Scrape off the fat from the hide, peg it out somewhere to cure, crack open the rabbit's skull and then rub mashed brains into the wet side of the skin.
Let it dry again and repeat until it's strong and supple.
When stitching it you need to make a hole with an awl and then fasten it together with sinew or twine, that way it won't be as prone to tearing as it would be if you used a needle and thread.


----------



## Cosmo (Apr 12, 2012)

There is a booming fur trade going on all around the globe. In addition to this furs lend themselves quite well to folk-art, and to be stitched on as bits of clothing. Whole blankets can be difficult and take skill to weave properly. Do some thinking on it.


----------



## roadohio (Apr 12, 2012)

There are or used to be a lot of people who would be willing to trade stuff for pelts, so check out the blackmarket on this site.


----------



## joaquim33 (Apr 12, 2012)

makin a blanket is an awesome idea! i just read a anthropologists book about indians in northern california near mt, shasta who used to make blankets out of rabbits. each blanket would have 100 - 300 pelts! you could make it double sided.

ive done a lot of brain tanning but never had a lot of luck with rabbits, i think the key is being gentle because the hair will tear so easily. make sure you cure them with smoke after you tan them so bugs and dogs dont eat them..thats what happened with mine, i left it in a cabin and when i came back bugs had devoured it. i always wanted a couple pelts to sew into a hat with ear flaps..did that this year with some deer fur but it really is nowhere near as soft. you are lucky!


----------



## Cosmo (Apr 12, 2012)

Yeah rabbit pelts are better than gold.


----------



## uncivilize (Apr 14, 2012)

joaquim33 said:


> makin a blanket is an awesome idea! i just read a anthropologists book about indians in northern california near mt, shasta who used to make blankets out of rabbits. each blanket would have 100 - 300 pelts! you could make it double sided


 
The domesticated rabbits we are familiar with have thicker skins than their wild relatives, making them better suited for fur-on tanning. With smaller game/thinner hides, some cultures would case skin the animal (removing the skin from the animal in a way similar to pulling a sock off from the top, so that you remove it inside out and have a hide "tube"), then they would cut around it in a spiral, creating a long narrow strip with fur on one side and skin on the other, they would then twist it, so that the skin side turned in on itself and dry it (it isn't tanned, essentially it is a rawhide process, but because it is so thin, it remains pliable/workable, and the skin is twisted in on itself so when it dries it kind of "glues" itself together). They would cut it so that the tail is left on one end and the eye holes are lined up on the other, so the threads could easily be strung together, tail to eye holes, to make a very long rope of fur that could then be used to make a loose knotted blanket/robe/etc. I've done it with several gophers we trapped when I was living on a farm, works well, I could see how with more practice one could make some incredible pieces.

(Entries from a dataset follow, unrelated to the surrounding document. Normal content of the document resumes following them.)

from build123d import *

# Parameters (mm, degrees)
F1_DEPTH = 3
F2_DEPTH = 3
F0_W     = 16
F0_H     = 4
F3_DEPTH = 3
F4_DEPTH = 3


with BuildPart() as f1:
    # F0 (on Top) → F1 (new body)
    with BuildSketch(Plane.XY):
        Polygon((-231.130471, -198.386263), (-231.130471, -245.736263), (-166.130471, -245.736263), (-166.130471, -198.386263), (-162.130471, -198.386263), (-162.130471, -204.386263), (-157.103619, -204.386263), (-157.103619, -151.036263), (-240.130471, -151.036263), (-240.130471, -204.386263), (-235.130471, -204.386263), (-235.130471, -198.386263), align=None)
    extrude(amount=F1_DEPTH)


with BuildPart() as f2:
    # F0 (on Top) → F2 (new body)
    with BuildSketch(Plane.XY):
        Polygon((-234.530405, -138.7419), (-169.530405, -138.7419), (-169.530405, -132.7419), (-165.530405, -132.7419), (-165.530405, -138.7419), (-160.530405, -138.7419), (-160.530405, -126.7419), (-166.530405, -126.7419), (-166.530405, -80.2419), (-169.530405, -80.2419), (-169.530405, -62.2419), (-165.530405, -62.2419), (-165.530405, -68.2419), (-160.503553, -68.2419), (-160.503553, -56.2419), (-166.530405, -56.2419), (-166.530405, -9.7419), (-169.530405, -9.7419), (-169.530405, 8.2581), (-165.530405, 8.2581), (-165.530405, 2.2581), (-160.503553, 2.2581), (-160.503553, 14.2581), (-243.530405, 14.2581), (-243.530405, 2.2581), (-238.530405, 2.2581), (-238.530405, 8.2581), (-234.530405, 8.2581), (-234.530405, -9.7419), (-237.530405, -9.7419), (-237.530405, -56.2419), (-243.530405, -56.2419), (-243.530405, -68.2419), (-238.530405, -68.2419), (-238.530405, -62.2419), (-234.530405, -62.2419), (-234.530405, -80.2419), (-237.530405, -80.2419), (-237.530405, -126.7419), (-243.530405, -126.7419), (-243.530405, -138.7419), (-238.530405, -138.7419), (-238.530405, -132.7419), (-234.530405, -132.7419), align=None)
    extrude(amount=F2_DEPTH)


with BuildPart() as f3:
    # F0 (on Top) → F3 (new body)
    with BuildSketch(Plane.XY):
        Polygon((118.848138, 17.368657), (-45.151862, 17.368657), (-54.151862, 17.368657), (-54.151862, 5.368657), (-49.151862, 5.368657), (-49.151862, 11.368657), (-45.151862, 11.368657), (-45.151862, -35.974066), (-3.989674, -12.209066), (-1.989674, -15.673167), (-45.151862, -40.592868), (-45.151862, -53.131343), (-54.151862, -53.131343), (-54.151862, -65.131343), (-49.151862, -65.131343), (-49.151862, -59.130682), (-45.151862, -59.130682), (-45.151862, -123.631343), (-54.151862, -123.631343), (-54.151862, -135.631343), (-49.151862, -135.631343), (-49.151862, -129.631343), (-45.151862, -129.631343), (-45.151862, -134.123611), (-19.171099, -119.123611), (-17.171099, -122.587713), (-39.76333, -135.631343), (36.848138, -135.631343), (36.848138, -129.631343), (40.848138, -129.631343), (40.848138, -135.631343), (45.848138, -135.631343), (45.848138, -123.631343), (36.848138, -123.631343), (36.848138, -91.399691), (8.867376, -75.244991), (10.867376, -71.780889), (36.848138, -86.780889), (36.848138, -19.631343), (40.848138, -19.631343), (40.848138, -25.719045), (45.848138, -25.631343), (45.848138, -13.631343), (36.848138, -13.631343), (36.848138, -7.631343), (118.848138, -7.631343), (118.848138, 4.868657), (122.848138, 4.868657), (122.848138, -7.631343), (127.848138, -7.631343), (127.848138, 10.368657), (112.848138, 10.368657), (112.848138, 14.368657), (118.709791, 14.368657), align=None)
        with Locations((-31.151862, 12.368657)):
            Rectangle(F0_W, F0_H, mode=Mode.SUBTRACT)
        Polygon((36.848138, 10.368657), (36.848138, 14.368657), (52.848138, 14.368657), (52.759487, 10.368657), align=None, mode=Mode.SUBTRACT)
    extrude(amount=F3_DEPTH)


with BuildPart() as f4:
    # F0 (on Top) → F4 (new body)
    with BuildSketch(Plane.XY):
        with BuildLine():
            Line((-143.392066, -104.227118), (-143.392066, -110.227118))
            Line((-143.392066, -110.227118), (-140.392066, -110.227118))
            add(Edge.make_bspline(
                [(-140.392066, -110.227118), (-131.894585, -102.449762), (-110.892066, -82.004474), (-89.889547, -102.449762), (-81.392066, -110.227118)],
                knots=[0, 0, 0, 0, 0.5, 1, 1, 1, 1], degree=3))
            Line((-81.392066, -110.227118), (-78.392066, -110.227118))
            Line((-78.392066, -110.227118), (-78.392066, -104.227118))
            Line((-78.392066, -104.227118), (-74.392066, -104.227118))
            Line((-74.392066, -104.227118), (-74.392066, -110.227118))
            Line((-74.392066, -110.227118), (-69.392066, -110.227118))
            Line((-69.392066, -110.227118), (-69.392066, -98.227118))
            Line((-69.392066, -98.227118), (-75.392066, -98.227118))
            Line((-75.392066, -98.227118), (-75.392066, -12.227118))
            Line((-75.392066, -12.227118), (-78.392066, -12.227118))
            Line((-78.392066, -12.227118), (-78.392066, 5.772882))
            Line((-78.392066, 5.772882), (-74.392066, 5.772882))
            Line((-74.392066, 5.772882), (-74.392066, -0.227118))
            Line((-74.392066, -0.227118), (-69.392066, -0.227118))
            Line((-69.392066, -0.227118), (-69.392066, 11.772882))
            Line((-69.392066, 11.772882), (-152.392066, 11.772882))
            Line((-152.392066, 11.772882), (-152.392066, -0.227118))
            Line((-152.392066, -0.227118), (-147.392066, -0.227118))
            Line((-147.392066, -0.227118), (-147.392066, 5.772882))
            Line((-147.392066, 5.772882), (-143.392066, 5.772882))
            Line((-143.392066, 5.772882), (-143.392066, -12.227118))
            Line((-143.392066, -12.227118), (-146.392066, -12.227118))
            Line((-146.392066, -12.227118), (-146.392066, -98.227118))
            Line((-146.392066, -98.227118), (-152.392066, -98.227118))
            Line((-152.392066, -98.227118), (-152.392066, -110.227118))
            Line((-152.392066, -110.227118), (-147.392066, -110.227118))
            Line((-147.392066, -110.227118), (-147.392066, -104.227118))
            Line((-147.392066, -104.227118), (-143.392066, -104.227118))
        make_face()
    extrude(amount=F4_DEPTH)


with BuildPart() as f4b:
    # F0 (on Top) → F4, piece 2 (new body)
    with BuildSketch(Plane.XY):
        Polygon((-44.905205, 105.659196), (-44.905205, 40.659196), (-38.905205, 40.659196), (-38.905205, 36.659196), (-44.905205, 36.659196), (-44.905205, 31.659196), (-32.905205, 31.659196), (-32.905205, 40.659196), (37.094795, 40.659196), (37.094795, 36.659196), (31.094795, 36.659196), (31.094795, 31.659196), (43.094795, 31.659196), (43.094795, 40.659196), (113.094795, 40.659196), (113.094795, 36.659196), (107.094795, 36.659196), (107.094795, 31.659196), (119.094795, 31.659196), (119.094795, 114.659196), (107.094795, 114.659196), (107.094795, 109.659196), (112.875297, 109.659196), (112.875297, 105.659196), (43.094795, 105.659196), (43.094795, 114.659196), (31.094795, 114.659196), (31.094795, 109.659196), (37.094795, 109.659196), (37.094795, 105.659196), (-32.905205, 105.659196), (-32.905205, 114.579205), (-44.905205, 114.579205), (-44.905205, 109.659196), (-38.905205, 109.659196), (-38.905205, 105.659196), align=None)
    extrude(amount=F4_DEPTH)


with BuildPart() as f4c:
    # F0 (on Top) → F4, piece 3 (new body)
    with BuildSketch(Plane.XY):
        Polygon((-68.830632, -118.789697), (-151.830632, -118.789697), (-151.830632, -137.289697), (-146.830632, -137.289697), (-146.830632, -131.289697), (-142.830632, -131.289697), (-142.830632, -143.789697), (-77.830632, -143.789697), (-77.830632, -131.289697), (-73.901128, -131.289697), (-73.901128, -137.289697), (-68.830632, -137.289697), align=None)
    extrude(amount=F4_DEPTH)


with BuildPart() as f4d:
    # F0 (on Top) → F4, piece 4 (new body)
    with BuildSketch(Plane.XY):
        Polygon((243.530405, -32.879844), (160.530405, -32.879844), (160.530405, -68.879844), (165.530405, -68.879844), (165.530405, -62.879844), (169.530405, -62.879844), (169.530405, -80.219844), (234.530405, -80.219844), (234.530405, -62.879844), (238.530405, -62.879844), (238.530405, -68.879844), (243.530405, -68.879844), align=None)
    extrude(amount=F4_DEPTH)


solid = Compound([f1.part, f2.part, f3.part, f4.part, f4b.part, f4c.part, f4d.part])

For fur-on tanning, bark tanning is a good process because it will constrict the follicles, preventing the hair from slipping. What is more common is using a salt and alum solution for soaking before braintanning. Alum is a naturally occurring aluminum salt (there's a big mine in the south SF bay area) that helps to tighten up the follicles and cure the hide, but I don't remember very much about the whole process, and have never used it myself.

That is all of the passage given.